Among the entries below, only the lines starting at the one with "#140=EDGE_CURVE('E174',#139,#129,#137,.T.);" and ending at the one with "#148=EDGE_CURVE('E172',#147,#139,#145,.T.);", both included, are to be printed exactly.

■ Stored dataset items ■
━━━━━━━━━━━━━━━━━━━━━━━━━━━━━━

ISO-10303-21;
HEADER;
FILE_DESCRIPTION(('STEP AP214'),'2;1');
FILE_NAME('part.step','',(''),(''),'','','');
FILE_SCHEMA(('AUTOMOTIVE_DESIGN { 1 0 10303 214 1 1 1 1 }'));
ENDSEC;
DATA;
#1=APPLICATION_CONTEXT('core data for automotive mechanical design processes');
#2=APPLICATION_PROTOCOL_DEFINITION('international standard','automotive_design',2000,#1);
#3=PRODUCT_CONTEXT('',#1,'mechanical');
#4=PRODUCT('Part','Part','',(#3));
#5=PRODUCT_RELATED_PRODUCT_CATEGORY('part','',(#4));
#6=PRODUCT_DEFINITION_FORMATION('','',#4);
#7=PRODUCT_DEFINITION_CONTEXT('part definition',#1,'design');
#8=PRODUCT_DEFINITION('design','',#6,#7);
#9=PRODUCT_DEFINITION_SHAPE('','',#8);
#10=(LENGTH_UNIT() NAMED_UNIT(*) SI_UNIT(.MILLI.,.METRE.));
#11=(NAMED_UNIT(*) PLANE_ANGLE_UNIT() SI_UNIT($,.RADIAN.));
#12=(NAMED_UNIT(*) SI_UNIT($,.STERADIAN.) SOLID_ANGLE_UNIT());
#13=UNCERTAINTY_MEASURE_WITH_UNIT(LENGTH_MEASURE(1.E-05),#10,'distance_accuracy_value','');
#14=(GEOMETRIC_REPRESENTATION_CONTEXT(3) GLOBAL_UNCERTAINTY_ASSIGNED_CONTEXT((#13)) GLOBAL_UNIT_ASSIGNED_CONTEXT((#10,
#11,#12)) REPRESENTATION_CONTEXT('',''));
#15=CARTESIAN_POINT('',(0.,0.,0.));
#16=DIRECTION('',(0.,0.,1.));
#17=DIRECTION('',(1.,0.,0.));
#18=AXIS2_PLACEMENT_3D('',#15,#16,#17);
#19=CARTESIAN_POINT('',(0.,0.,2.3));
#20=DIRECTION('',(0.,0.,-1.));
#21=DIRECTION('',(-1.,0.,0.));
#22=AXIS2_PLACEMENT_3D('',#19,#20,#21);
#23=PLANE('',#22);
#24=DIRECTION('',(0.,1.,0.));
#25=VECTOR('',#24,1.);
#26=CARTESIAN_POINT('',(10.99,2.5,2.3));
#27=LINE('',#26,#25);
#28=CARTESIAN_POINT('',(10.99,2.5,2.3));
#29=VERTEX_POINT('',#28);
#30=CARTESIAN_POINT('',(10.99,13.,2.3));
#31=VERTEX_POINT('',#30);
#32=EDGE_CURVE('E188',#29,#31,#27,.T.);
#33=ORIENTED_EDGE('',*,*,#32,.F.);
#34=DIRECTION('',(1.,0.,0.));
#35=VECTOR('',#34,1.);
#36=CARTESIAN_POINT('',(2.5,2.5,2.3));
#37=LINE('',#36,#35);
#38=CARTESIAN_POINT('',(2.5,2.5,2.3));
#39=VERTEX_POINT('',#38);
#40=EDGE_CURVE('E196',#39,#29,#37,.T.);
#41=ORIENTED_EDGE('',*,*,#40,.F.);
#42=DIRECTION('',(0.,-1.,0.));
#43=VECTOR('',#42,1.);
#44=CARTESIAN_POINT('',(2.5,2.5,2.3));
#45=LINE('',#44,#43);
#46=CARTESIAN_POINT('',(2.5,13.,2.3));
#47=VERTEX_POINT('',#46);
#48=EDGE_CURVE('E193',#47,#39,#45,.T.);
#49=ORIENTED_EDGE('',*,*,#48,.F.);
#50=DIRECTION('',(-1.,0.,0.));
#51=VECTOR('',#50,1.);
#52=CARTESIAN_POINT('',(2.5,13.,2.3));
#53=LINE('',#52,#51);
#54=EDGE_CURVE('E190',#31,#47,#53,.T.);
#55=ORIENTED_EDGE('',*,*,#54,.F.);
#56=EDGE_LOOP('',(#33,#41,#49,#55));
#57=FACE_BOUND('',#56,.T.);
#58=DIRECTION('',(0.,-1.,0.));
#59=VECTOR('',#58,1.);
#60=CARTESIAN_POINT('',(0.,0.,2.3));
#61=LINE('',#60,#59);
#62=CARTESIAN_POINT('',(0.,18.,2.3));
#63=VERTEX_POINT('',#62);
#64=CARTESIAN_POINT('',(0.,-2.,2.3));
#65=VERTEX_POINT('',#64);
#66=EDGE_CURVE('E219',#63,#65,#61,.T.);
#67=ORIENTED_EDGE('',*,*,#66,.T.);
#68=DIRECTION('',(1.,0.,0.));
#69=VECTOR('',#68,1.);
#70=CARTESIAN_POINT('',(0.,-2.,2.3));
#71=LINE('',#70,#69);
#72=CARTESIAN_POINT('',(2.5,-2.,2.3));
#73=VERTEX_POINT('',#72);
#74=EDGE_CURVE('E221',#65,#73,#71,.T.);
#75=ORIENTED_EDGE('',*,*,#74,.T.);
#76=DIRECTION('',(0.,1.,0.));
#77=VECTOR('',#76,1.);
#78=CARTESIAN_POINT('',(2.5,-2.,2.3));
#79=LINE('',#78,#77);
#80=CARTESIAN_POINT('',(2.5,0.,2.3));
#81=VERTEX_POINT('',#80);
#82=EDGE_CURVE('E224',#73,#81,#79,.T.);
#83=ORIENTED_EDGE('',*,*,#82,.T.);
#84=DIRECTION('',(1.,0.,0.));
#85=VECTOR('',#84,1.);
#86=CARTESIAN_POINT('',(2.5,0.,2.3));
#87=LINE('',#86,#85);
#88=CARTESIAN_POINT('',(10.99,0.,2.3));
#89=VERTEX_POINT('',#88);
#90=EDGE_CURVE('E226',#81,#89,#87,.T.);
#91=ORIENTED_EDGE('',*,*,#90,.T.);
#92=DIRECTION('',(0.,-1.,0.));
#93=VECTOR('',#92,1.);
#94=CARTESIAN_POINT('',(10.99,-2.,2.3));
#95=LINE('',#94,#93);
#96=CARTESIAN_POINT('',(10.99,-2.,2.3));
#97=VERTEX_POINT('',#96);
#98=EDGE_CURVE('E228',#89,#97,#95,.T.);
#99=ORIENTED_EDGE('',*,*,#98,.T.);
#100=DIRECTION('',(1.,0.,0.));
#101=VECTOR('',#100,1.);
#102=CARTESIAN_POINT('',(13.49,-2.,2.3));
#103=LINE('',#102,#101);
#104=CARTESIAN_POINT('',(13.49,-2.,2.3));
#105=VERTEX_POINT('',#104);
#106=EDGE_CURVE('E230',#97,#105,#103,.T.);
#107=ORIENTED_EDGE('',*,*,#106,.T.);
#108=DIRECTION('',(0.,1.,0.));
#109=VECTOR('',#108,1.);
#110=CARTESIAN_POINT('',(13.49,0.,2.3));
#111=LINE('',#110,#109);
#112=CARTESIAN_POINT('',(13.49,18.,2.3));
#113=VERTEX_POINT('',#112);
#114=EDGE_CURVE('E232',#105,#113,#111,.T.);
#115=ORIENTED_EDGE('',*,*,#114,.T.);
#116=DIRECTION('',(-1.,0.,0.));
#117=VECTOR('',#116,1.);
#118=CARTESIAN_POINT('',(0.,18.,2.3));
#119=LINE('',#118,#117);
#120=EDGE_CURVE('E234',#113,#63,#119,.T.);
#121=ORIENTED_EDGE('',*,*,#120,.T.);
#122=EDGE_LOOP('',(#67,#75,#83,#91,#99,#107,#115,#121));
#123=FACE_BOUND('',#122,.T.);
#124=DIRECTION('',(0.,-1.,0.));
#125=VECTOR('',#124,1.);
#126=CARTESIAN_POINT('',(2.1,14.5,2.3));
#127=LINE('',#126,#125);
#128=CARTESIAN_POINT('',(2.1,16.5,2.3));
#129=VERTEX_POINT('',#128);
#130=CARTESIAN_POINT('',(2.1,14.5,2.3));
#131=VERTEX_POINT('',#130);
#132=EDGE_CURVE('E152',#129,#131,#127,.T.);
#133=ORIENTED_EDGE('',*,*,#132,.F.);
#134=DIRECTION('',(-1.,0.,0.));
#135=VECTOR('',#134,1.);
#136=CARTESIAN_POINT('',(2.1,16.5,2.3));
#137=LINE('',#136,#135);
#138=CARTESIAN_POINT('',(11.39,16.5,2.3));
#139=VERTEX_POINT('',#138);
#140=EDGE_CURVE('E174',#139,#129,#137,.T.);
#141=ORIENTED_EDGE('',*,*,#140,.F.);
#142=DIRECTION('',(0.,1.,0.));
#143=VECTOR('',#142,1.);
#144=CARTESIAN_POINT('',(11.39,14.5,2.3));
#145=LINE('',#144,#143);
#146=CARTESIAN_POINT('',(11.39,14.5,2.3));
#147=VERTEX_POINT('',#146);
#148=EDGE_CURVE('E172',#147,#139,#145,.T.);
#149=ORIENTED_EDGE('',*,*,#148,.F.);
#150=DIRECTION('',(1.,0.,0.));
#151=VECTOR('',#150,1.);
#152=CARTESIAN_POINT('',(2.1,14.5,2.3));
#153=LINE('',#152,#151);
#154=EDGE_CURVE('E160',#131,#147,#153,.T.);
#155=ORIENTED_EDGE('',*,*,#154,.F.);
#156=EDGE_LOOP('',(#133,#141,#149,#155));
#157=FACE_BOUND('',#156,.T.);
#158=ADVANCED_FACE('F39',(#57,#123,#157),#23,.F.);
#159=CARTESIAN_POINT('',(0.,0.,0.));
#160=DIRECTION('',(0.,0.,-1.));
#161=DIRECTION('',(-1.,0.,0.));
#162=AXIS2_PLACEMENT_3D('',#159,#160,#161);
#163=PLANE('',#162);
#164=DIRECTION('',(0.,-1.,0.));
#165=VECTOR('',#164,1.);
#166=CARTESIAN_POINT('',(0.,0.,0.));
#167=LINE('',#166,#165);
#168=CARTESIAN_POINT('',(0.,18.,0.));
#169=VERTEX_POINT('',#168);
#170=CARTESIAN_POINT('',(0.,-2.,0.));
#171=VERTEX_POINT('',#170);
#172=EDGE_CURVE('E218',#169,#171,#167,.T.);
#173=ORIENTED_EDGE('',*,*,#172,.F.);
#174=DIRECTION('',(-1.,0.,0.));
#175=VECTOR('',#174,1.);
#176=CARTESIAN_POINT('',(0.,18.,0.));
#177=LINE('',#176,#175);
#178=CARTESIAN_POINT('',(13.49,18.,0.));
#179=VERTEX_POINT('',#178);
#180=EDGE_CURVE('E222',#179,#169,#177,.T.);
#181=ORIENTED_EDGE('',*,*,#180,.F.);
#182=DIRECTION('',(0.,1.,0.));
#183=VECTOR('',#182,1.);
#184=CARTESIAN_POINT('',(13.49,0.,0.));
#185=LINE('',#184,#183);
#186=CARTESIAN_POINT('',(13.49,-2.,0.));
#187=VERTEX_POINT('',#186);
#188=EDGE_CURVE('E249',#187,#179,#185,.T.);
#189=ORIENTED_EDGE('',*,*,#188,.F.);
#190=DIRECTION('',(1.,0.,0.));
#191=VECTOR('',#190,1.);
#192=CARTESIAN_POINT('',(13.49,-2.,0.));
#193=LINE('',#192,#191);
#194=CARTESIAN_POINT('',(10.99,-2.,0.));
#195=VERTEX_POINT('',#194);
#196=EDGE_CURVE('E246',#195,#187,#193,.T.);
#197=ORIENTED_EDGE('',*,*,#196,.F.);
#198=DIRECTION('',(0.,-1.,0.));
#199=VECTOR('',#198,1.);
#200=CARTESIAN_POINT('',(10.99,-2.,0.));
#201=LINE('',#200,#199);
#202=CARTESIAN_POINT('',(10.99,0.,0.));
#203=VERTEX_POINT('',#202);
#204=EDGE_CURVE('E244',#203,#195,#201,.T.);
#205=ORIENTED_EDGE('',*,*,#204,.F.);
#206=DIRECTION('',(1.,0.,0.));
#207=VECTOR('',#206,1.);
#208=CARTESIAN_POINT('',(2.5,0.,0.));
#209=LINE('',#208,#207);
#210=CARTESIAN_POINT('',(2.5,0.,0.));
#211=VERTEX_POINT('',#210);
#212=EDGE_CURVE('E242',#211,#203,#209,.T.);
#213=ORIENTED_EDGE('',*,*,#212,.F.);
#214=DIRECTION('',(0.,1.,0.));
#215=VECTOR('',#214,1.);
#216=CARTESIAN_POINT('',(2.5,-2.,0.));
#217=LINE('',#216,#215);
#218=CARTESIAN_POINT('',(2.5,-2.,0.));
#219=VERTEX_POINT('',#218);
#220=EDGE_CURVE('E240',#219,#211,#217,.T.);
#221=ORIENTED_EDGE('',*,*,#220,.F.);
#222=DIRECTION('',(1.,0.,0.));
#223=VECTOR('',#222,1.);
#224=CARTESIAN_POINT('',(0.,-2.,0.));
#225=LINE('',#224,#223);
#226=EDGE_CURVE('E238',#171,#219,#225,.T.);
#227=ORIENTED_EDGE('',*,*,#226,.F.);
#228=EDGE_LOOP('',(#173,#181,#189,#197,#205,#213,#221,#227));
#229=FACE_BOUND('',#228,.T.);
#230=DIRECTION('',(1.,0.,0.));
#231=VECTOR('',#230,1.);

━━━━━━━━━━━━━━━━━━━━━━━━━━━━━━

■ FINISHED TASK ■
#140=EDGE_CURVE('E174',#139,#129,#137,.T.);
#141=ORIENTED_EDGE('',*,*,#140,.F.);
#142=DIRECTION('',(0.,1.,0.));
#143=VECTOR('',#142,1.);
#144=CARTESIAN_POINT('',(11.39,14.5,2.3));
#145=LINE('',#144,#143);
#146=CARTESIAN_POINT('',(11.39,14.5,2.3));
#147=VERTEX_POINT('',#146);
#148=EDGE_CURVE('E172',#147,#139,#145,.T.);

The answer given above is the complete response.